How strong is the BSW bass????? Can I compare it with JL W7 ???? I love the BSW sub set-up but if it can't punch then there's no point of it. How are their speakers too ????


----------



## mfear (Sep 4, 2007)

buy it, try it.. they guarantee you'll like it or they'll take it back..

shipping is like 15$, so what have u really got to lose?


----------



## [email protected] (Sep 5, 2006)

Our subwoofer system definitely have bass. They however won't wake up the dead or rattle the screws out of the overhead light  It will provide crisp, clean and powerful bass that you can enjoy with all types of music!

Let me know if you have ANY other questions!

We also do have the guarantee.
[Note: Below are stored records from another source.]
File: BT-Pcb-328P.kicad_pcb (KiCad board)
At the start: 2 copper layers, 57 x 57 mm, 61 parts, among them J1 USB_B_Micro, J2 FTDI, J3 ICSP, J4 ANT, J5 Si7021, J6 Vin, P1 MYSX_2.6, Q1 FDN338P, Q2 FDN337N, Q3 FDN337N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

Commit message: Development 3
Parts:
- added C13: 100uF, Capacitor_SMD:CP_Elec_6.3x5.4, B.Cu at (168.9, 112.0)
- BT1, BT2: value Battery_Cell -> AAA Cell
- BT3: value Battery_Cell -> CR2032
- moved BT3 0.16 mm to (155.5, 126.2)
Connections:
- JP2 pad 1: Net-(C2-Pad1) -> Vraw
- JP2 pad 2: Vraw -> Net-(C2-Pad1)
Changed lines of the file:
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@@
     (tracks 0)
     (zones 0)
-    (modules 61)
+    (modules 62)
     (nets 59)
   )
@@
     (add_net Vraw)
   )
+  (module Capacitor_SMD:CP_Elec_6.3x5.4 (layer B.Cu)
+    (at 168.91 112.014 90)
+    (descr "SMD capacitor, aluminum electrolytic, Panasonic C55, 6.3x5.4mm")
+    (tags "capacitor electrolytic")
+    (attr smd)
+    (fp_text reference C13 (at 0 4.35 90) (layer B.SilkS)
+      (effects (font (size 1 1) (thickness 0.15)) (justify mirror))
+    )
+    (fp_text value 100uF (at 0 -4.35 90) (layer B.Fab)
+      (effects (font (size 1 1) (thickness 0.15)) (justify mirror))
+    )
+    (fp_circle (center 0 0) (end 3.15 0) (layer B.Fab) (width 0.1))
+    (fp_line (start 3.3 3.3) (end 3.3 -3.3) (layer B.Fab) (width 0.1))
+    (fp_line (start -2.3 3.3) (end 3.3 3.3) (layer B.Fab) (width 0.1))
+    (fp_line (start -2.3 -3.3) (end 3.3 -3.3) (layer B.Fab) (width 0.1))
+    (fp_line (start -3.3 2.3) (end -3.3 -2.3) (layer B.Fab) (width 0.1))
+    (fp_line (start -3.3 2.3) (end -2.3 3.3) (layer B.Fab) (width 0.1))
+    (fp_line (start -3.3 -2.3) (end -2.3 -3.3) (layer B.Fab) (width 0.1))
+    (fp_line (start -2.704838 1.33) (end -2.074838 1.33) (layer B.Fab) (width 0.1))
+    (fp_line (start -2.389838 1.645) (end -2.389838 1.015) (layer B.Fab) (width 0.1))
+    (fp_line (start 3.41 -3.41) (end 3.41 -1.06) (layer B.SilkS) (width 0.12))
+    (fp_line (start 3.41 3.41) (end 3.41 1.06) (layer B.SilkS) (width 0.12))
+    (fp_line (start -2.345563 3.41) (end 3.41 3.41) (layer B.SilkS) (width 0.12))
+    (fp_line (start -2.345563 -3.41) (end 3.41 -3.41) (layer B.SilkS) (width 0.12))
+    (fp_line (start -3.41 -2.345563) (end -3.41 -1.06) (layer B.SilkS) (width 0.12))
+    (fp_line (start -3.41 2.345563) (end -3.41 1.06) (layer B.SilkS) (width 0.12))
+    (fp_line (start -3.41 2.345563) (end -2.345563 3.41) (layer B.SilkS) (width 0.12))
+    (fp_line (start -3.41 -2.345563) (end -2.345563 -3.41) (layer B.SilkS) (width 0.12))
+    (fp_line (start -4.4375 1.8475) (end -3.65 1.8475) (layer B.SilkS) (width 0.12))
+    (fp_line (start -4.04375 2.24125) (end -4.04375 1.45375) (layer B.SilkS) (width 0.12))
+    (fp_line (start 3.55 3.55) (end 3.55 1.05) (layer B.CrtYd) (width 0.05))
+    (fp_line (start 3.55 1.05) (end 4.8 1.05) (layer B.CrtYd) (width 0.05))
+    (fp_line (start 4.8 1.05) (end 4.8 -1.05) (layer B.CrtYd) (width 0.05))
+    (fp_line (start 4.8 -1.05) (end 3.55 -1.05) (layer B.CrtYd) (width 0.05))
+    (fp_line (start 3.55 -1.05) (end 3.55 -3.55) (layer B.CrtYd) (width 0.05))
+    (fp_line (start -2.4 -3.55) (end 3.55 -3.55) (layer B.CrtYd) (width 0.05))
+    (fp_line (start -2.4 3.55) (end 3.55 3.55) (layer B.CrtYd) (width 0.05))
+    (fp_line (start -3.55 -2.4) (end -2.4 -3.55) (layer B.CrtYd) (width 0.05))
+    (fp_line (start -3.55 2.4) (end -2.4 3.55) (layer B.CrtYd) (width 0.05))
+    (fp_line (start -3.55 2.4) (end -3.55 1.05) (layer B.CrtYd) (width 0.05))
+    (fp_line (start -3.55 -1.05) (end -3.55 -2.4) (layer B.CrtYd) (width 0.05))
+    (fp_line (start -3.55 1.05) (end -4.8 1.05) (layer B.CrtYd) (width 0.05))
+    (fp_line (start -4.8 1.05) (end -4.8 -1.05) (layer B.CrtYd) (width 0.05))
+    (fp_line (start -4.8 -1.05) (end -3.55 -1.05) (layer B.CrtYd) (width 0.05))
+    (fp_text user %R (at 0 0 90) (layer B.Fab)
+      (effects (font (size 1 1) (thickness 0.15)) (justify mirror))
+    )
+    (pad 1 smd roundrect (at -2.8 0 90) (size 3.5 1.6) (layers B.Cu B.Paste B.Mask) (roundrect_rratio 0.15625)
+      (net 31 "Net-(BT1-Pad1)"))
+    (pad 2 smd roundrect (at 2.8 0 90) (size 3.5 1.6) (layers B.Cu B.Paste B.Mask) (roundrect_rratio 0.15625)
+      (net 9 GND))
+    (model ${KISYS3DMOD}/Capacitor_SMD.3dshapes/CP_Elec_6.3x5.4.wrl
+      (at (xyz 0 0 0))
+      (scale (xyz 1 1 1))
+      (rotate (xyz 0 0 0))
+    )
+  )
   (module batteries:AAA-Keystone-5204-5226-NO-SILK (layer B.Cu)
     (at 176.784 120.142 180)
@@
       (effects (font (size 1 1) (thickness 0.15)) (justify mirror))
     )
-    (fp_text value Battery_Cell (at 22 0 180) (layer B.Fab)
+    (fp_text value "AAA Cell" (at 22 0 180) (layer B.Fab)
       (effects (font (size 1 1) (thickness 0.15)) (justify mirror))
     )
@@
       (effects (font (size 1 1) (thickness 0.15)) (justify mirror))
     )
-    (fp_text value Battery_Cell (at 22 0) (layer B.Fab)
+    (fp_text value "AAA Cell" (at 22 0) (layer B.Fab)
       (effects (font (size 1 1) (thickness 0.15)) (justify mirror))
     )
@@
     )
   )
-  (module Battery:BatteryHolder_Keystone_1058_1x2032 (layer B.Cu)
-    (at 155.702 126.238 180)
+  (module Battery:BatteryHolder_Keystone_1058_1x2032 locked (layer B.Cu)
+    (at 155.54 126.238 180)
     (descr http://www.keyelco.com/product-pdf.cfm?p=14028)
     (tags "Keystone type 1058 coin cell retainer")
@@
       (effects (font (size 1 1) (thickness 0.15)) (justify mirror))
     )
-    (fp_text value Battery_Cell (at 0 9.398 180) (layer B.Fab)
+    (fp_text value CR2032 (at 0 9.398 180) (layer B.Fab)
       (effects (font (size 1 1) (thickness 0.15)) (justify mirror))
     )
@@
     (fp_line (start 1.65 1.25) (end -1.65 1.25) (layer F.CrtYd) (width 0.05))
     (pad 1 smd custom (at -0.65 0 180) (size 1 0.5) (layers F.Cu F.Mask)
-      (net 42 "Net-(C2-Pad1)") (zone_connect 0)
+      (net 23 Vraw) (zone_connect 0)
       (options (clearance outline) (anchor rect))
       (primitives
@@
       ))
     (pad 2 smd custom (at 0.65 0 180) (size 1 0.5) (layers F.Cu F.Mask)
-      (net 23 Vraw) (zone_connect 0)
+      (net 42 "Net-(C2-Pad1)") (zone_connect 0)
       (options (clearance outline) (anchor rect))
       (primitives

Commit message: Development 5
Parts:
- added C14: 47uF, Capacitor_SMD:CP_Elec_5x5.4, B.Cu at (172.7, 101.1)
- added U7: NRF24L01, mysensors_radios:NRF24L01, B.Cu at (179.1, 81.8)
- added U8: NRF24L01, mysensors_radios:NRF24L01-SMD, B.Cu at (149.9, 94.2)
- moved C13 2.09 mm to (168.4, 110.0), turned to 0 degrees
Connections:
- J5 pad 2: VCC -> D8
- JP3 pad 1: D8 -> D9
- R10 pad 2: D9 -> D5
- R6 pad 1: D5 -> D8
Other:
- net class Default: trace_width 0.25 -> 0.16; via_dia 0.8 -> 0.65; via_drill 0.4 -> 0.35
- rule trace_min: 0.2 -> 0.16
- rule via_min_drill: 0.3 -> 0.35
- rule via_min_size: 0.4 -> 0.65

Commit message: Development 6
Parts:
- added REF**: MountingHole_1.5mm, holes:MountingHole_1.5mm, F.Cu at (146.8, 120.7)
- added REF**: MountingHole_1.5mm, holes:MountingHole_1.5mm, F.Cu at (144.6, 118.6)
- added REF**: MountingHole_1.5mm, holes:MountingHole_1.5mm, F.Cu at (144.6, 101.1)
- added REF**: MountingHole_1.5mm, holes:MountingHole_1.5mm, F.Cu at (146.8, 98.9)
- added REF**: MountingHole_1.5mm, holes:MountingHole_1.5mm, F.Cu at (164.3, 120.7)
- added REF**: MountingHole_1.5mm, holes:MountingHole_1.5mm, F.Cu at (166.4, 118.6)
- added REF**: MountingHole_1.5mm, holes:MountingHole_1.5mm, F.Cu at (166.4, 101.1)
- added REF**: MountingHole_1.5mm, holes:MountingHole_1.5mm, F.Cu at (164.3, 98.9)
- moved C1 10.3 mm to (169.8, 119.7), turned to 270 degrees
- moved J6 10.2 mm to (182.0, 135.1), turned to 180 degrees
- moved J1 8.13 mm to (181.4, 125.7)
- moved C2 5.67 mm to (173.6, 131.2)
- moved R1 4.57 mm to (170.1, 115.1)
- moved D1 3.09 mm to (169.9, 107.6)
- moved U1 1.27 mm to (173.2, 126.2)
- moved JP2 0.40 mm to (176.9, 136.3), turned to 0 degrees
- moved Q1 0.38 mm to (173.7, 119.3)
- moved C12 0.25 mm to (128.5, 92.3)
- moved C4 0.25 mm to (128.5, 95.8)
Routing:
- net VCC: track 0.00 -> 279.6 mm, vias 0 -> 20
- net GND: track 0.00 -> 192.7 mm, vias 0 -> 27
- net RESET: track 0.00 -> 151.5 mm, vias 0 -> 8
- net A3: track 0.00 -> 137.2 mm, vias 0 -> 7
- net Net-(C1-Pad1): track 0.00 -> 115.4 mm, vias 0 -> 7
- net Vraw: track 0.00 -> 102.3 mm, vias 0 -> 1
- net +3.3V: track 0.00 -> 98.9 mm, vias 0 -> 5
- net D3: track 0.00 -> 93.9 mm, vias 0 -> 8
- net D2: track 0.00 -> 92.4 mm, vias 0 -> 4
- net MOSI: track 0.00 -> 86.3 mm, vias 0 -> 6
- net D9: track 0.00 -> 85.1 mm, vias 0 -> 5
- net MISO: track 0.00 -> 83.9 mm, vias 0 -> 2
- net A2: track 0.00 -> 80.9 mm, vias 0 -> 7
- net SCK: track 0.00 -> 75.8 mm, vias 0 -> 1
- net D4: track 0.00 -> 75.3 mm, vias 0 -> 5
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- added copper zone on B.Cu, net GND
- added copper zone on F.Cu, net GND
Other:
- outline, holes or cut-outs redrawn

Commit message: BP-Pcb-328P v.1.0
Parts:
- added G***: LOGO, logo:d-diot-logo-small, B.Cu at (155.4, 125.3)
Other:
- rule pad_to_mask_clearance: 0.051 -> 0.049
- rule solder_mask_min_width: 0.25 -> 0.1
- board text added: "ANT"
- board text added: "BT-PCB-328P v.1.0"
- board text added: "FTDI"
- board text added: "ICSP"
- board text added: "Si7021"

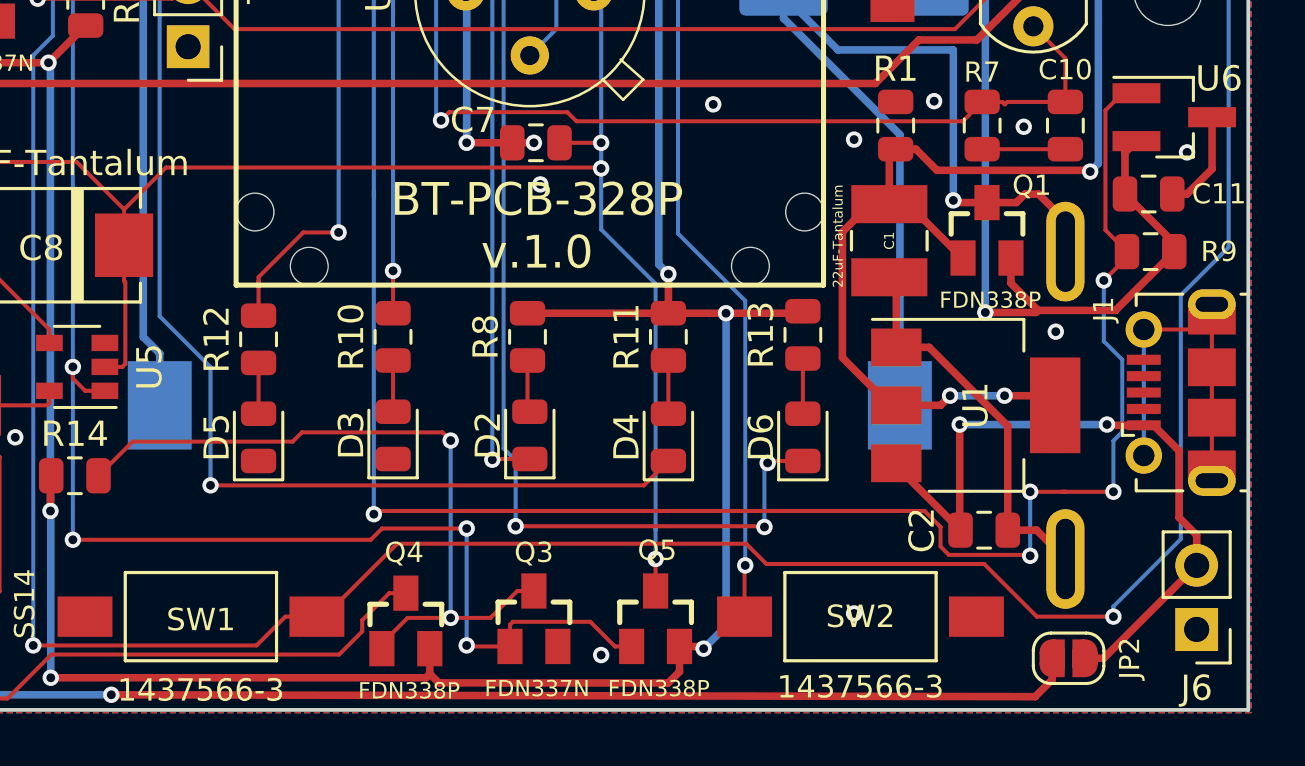
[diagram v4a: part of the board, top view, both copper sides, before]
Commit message: Added Vin + and - text
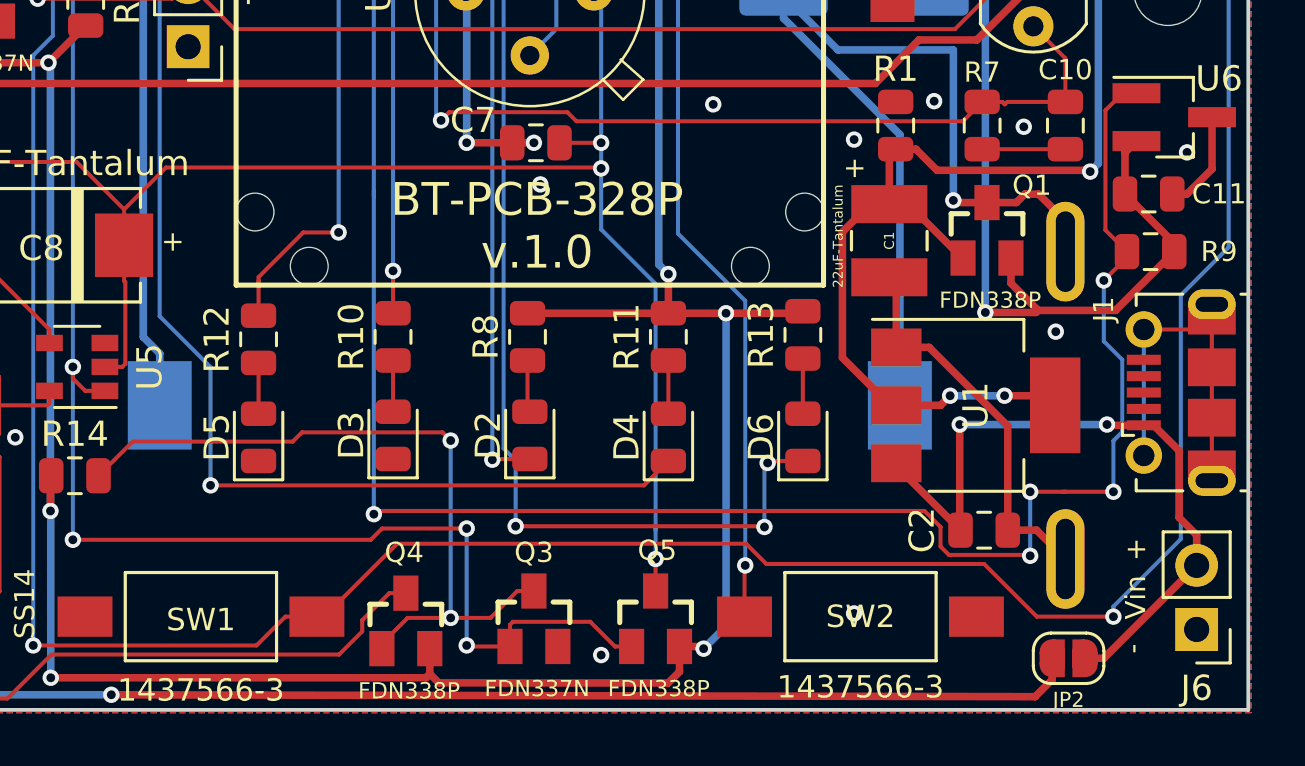
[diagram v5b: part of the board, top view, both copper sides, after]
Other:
- board text added: "+"
- board text added: "-"
- board text added: "Vin"
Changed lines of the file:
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@@
   (general
     (thickness 1.6)
-    (drawings 13)
+    (drawings 18)
     (tracks 962)
     (zones 0)
@@
     (tags "solder jumper open")
     (attr virtual)
-    (fp_text reference JP2 (at 2.428 0 90) (layer F.SilkS)
-      (effects (font (size 0.8 0.8) (thickness 0.12)))
+    (fp_text reference JP2 (at 0 1.651 180) (layer F.SilkS)
+      (effects (font (size 0.6 0.6) (thickness 0.1)))
     )
     (fp_text value Vraw (at 0 1.9) (layer F.Fab)
@@
       (xy -0.339993 -3.369811) (xy -0.309687 -3.369775) (xy -0.275638 -3.369787)) (layer B.SilkS) (width 0.01))
   )
+  (gr_text "+\n" (at 141.351 119.761 90) (layer F.SilkS)
+    (effects (font (size 0.8 0.8) (thickness 0.12)))
+  )
+  (gr_text "+\n" (at 168.402 116.84 90) (layer F.SilkS)
+    (effects (font (size 0.8 0.8) (thickness 0.12)))
+  )
+  (gr_text "+\n" (at 179.578 131.953 90) (layer F.SilkS)
+    (effects (font (size 0.8 0.8) (thickness 0.12)))
+  )
+  (gr_text - (at 179.451 135.89 90) (layer F.SilkS)
+    (effects (font (size 0.8 0.8) (thickness 0.12)))
+  )
+  (gr_text Vin (at 179.578 133.858 90) (layer F.SilkS)
+    (effects (font (size 0.8 0.8) (thickness 0.12)))
+  )
   (gr_text "BT-PCB-328P\nv.1.0" (at 155.829 119.126) (layer F.SilkS)

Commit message: board v.2.0
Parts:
- removed D7: SS14, diodes:SS14
- removed Q4, Q5: FDN338P, FDN338P:SSOT-3
- removed R14: 1M, Resistor_SMD:R_0805_2012Metric
- R10: value 330 -> 120
- U2: footprint as312:as312 -> as312:PIR-AS312-3PIN
- moved JP2 45.1 mm to (131.8, 136.1)
- moved G*** 35.1 mm to (140.2, 93.7)
- moved R10 12.8 mm to (160.5, 130.9)
- moved D3 12.7 mm to (160.5, 134.7)
- moved D2 10.9 mm to (144.8, 129.3)
- moved R8 10.7 mm to (144.8, 123.5)
- moved R12 9.46 mm to (150.6, 131.1)
- moved D5 9.26 mm to (150.6, 134.7)
- moved C9 5.93 mm to (133.3, 132.2)
- moved D4 5.78 mm to (155.5, 129.3)
- moved R11 5.50 mm to (155.5, 123.5)
- moved D6 1.78 mm to (166.4, 129.3)
- moved BT3 1.60 mm to (155.5, 127.8)
- moved Q3 0.88 mm to (155.4, 133.9)
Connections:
- C9 pad 2: Net-(C9-Pad2) -> VCC
- D3 pad 1: GND -> Net-(D3-Pad1)
- L1 pad 1: Net-(C9-Pad2) -> VCC
- Q3 pad 1: D4 -> D5
- Q3 pad 3: Net-(Q3-Pad3) -> Net-(D3-Pad1)
- R10 pad 2: D5 -> +3.3V
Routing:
- net Vraw: track 102.3 -> 54.3 mm
- net Net-(C2-Pad1): track 28.3 -> 74.7 mm
- net Net-(C9-Pad2): track 37.6 -> 0.00 mm
- net D4: track 75.3 -> 41.9 mm, vias 5 -> 2
- net Net-(Q3-Pad3): track 28.9 -> 0.00 mm, vias 2 -> 0
- net VCC: track 279.6 -> 298.6 mm
- net D5: track 61.6 -> 76.0 mm, vias 4 -> 5
- net Net-(L1-Pad2): track 14.0 -> 2.91 mm
- net Net-(D3-Pad1): track 0.00 -> 8.71 mm
- net D6: track 64.1 -> 72.7 mm, vias 5 -> 4
- net Net-(R4-Pad2): track 13.2 -> 6.58 mm
- net GND: track 192.7 -> 198.5 mm
- net RESET: track 151.5 -> 157.0 mm, vias 8 -> 10
- net A2: track 80.9 -> 75.5 mm, vias 7 -> 5
- net A5-SCL: track 34.0 -> 29.8 mm
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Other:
- board text added: "BT-PCB-328P v.2.0"
- board text removed: "BT-PCB-328P v.1.0"

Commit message: board v.3.0
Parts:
- removed U8: NRF24L01, mysensors_radios:NRF24L01-SMD
- moved D4 25.5 mm to (162.1, 104.6), turned to 0 degrees
- moved R5 24.6 mm to (144.5, 123.7)
- moved D6 19.5 mm to (162.1, 110.2), turned to 0 degrees
- moved D2 19.5 mm to (148.8, 110.2), turned to 180 degrees
- moved D3 18.9 mm to (162.1, 115.8), turned to 0 degrees
- moved D5 18.9 mm to (149.1, 115.8), turned to 180 degrees
- moved Q3 10.2 mm to (155.2, 123.7), turned to 270 degrees
- moved R11 9.56 mm to (165.1, 123.8), turned to 270 degrees
- moved R10 7.47 mm to (158.5, 123.7), turned to 270 degrees
- moved R12 7.38 mm to (151.1, 123.7), turned to 270 degrees
- moved R13 4.58 mm to (161.8, 123.8), turned to 270 degrees
- moved R8 3.06 mm to (147.8, 123.8), turned to 270 degrees
- moved R4 1.85 mm to (150.4, 106.2)
- moved Q2 0.65 mm to (154.9, 103.1), turned to 90 degrees
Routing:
- net GND: track 198.5 -> 233.6 mm, vias 27 -> 26
- net A2: track 75.5 -> 47.9 mm
- net A0: track 59.7 -> 36.0 mm
- net A1: track 69.4 -> 48.2 mm, vias 4 -> 6
- net Net-(D6-Pad2): track 3.97 -> 19.8 mm, vias 0 -> 4
- net Net-(D4-Pad2): track 3.89 -> 19.7 mm, vias 0 -> 2
- net D5: track 76.0 -> 62.8 mm, vias 5 -> 2
- net Net-(D3-Pad2): track 1.94 -> 13.8 mm
- net Net-(D2-Pad2): track 4.00 -> 14.3 mm, vias 0 -> 2
- net Net-(D5-Pad2): track 1.76 -> 11.8 mm, vias 0 -> 2
- net SCK: track 75.8 -> 66.7 mm
- net D3: track 97.5 -> 106.1 mm, vias 8 -> 7
- net VCC: track 298.6 -> 291.0 mm, vias 20 -> 19
- net NSS: track 71.8 -> 69.5 mm
- net D2: track 92.4 -> 94.5 mm
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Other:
- board text added: "BT-PCB-328P v.3.0"
- board text removed: "BT-PCB-328P v.2.0"

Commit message: readded nrf24l01 smd footprint
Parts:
- added U8: NRF24L01, mysensors_radios:NRF24L01-SMD, B.Cu at (149.9, 94.2)
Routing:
- net SCK: track 66.7 -> 76.2 mm, vias 1 -> 2
- net VCC: track 291.0 -> 296.2 mm
- net D2: track 94.5 -> 98.0 mm
- net NSS: track 69.5 -> 71.8 mm
- net D9: track 83.1 -> 85.2 mm

If you simply don't like it let us know!


----------



## BigTex (Aug 14, 2007)

Halston - I need a Bass solution soon! Your box is pretty $$ but it does appear to be clean. I listen to ALL kinds of music (rock, christian, country, hip-hop) and I like my Bass nice and strong. My former car had a pre-fab ported Stillwater/Kicker 10" sub (available at Circuit City) that was powered by a 150 watt mosfet amp...I was very happy with the bass. The box was designed to go behind the seat of a truck, but I used in my trunk no problem. I hear a lot of discussion around "tight & clean" bass and/or "boomy" bass. I'm looking for what I would call "hard hitting" bass...something that sounds great playing the "best of Styx" or some good ole' Garth Brooks. How would you describe your under-the-shelf boom box???


----------



## [email protected] (Sep 5, 2006)

Tight and CLean 

You can tune it though to be "hard hitting" as you are looking for 

PM Sent


----------



## WickedA2 (May 3, 2007)

I'm in Love with that box


----------



## [email protected] (Sep 5, 2006)

Thank you


----------



## aburime1 (Aug 21, 2007)

I am about to order a sub for my E60 but compare to Bassforms Subwoofer Enclosure with 10" Subwoofer and Amplifier - Black (for my 2004 525i) $829.95 . Who has the best one? Both are almost the same price but as far as best product who is the winner


----------



## [email protected] (Sep 5, 2006)

I just replied to your email. Again we do offer a 30 day satisfaction guarantee. If you don't love it we can help you tune it to your liking. If it is still not up to par. Return it no questions asked!


----------



## Fragzem (Sep 26, 2007)

do these things compare to the Kicker L7's?
I


----------



## [email protected] (Sep 5, 2006)

WAYYYY Cleaner

Won't be as "loud" but that is what that subwoofer is designed for.


----------